Would you reproduce the whole listing exactly, minus its images?

• • • • • • •

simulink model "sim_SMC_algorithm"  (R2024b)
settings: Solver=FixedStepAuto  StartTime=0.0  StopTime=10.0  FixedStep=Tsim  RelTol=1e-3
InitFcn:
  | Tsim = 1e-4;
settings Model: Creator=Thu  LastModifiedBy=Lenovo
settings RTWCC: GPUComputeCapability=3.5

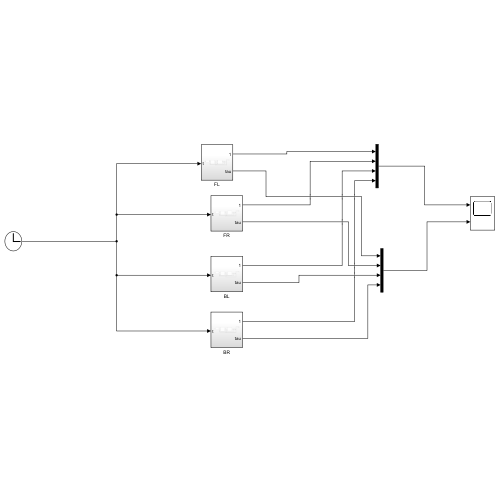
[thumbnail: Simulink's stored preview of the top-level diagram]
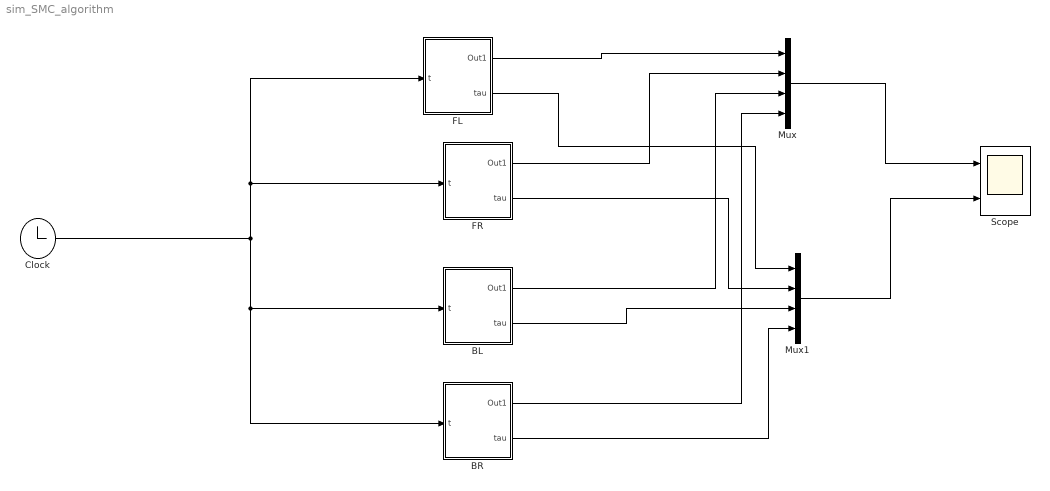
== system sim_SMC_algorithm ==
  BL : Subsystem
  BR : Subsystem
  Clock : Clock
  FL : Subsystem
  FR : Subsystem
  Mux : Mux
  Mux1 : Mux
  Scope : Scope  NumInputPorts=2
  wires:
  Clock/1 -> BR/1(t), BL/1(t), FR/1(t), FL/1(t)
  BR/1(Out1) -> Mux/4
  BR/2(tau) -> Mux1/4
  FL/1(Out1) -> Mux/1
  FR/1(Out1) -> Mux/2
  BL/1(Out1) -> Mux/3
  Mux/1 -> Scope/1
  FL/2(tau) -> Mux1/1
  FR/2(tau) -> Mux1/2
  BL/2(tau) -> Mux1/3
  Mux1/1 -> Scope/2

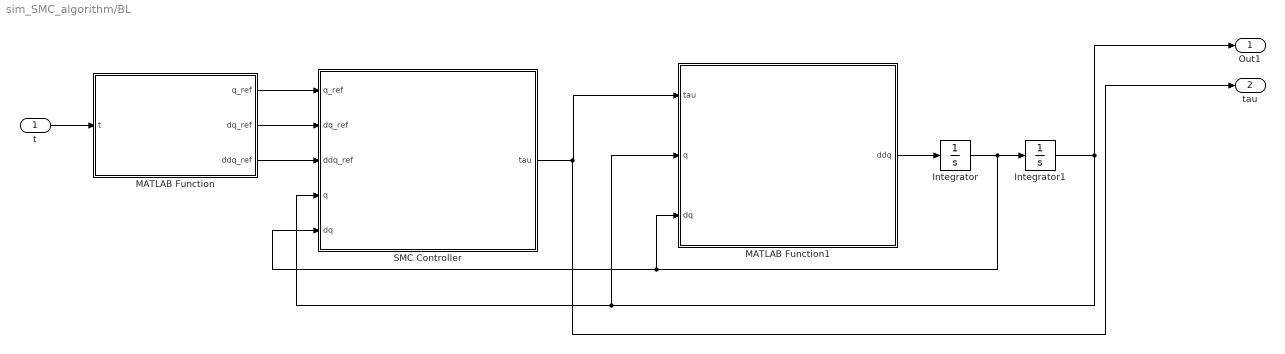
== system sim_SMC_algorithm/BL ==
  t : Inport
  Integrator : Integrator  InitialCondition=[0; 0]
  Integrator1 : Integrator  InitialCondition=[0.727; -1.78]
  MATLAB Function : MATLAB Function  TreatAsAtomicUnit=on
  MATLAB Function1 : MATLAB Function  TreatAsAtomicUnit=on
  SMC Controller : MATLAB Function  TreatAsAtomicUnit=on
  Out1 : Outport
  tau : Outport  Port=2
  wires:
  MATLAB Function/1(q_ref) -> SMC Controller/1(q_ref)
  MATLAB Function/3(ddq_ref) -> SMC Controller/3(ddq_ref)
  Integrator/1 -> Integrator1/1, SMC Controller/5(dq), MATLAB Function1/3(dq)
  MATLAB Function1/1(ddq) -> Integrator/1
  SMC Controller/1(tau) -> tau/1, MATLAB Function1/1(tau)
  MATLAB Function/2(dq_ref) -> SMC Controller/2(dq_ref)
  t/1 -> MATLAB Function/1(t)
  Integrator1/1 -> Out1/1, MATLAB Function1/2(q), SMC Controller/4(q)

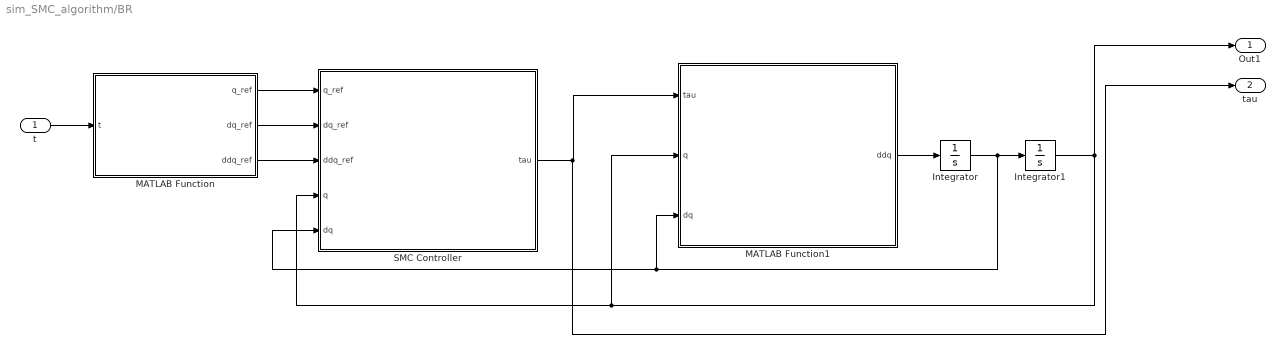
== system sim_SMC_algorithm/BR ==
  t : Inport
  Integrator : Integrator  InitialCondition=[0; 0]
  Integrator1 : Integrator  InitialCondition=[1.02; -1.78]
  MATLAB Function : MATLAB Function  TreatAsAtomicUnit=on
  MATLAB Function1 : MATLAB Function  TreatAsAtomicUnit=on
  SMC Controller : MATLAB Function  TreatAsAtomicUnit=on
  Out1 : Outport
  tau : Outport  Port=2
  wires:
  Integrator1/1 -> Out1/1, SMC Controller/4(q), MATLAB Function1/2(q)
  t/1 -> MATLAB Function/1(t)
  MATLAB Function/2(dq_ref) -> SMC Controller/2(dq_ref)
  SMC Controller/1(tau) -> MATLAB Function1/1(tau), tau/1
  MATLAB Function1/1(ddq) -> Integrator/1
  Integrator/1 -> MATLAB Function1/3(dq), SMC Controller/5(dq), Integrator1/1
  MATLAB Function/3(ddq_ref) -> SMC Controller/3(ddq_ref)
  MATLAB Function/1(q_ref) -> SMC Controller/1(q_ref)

• • • • • • •

*Task output*:
simulink model "sim_SMC_algorithm"  (R2024b)
settings: Solver=FixedStepAuto  StartTime=0.0  StopTime=10.0  FixedStep=Tsim  RelTol=1e-3
InitFcn:
  | Tsim = 1e-4;
settings Model: Creator=Thu  LastModifiedBy=Lenovo
settings RTWCC: GPUComputeCapability=3.5

[thumbnail: Simulink's stored preview of the top-level diagram]
== system sim_SMC_algorithm ==
  BL : Subsystem
  BR : Subsystem
  Clock : Clock
  FL : Subsystem
  FR : Subsystem
  Mux : Mux
  Mux1 : Mux
  Scope : Scope  NumInputPorts=2
  wires:
  Clock/1 -> BR/1(t), BL/1(t), FR/1(t), FL/1(t)
  BR/1(Out1) -> Mux/4
  BR/2(tau) -> Mux1/4
  FL/1(Out1) -> Mux/1
  FR/1(Out1) -> Mux/2
  BL/1(Out1) -> Mux/3
  Mux/1 -> Scope/1
  FL/2(tau) -> Mux1/1
  FR/2(tau) -> Mux1/2
  BL/2(tau) -> Mux1/3
  Mux1/1 -> Scope/2

== system sim_SMC_algorithm/BL ==
  t : Inport
  Integrator : Integrator  InitialCondition=[0; 0]
  Integrator1 : Integrator  InitialCondition=[0.727; -1.78]
  MATLAB Function : MATLAB Function  TreatAsAtomicUnit=on
  MATLAB Function1 : MATLAB Function  TreatAsAtomicUnit=on
  SMC Controller : MATLAB Function  TreatAsAtomicUnit=on
  Out1 : Outport
  tau : Outport  Port=2
  wires:
  MATLAB Function/1(q_ref) -> SMC Controller/1(q_ref)
  MATLAB Function/3(ddq_ref) -> SMC Controller/3(ddq_ref)
  Integrator/1 -> Integrator1/1, SMC Controller/5(dq), MATLAB Function1/3(dq)
  MATLAB Function1/1(ddq) -> Integrator/1
  SMC Controller/1(tau) -> tau/1, MATLAB Function1/1(tau)
  MATLAB Function/2(dq_ref) -> SMC Controller/2(dq_ref)
  t/1 -> MATLAB Function/1(t)
  Integrator1/1 -> Out1/1, MATLAB Function1/2(q), SMC Controller/4(q)

== system sim_SMC_algorithm/BR ==
  t : Inport
  Integrator : Integrator  InitialCondition=[0; 0]
  Integrator1 : Integrator  InitialCondition=[1.02; -1.78]
  MATLAB Function : MATLAB Function  TreatAsAtomicUnit=on
  MATLAB Function1 : MATLAB Function  TreatAsAtomicUnit=on
  SMC Controller : MATLAB Function  TreatAsAtomicUnit=on
  Out1 : Outport
  tau : Outport  Port=2
  wires:
  Integrator1/1 -> Out1/1, SMC Controller/4(q), MATLAB Function1/2(q)
  t/1 -> MATLAB Function/1(t)
  MATLAB Function/2(dq_ref) -> SMC Controller/2(dq_ref)
  SMC Controller/1(tau) -> MATLAB Function1/1(tau), tau/1
  MATLAB Function1/1(ddq) -> Integrator/1
  Integrator/1 -> MATLAB Function1/3(dq), SMC Controller/5(dq), Integrator1/1
  MATLAB Function/3(ddq_ref) -> SMC Controller/3(ddq_ref)
  MATLAB Function/1(q_ref) -> SMC Controller/1(q_ref)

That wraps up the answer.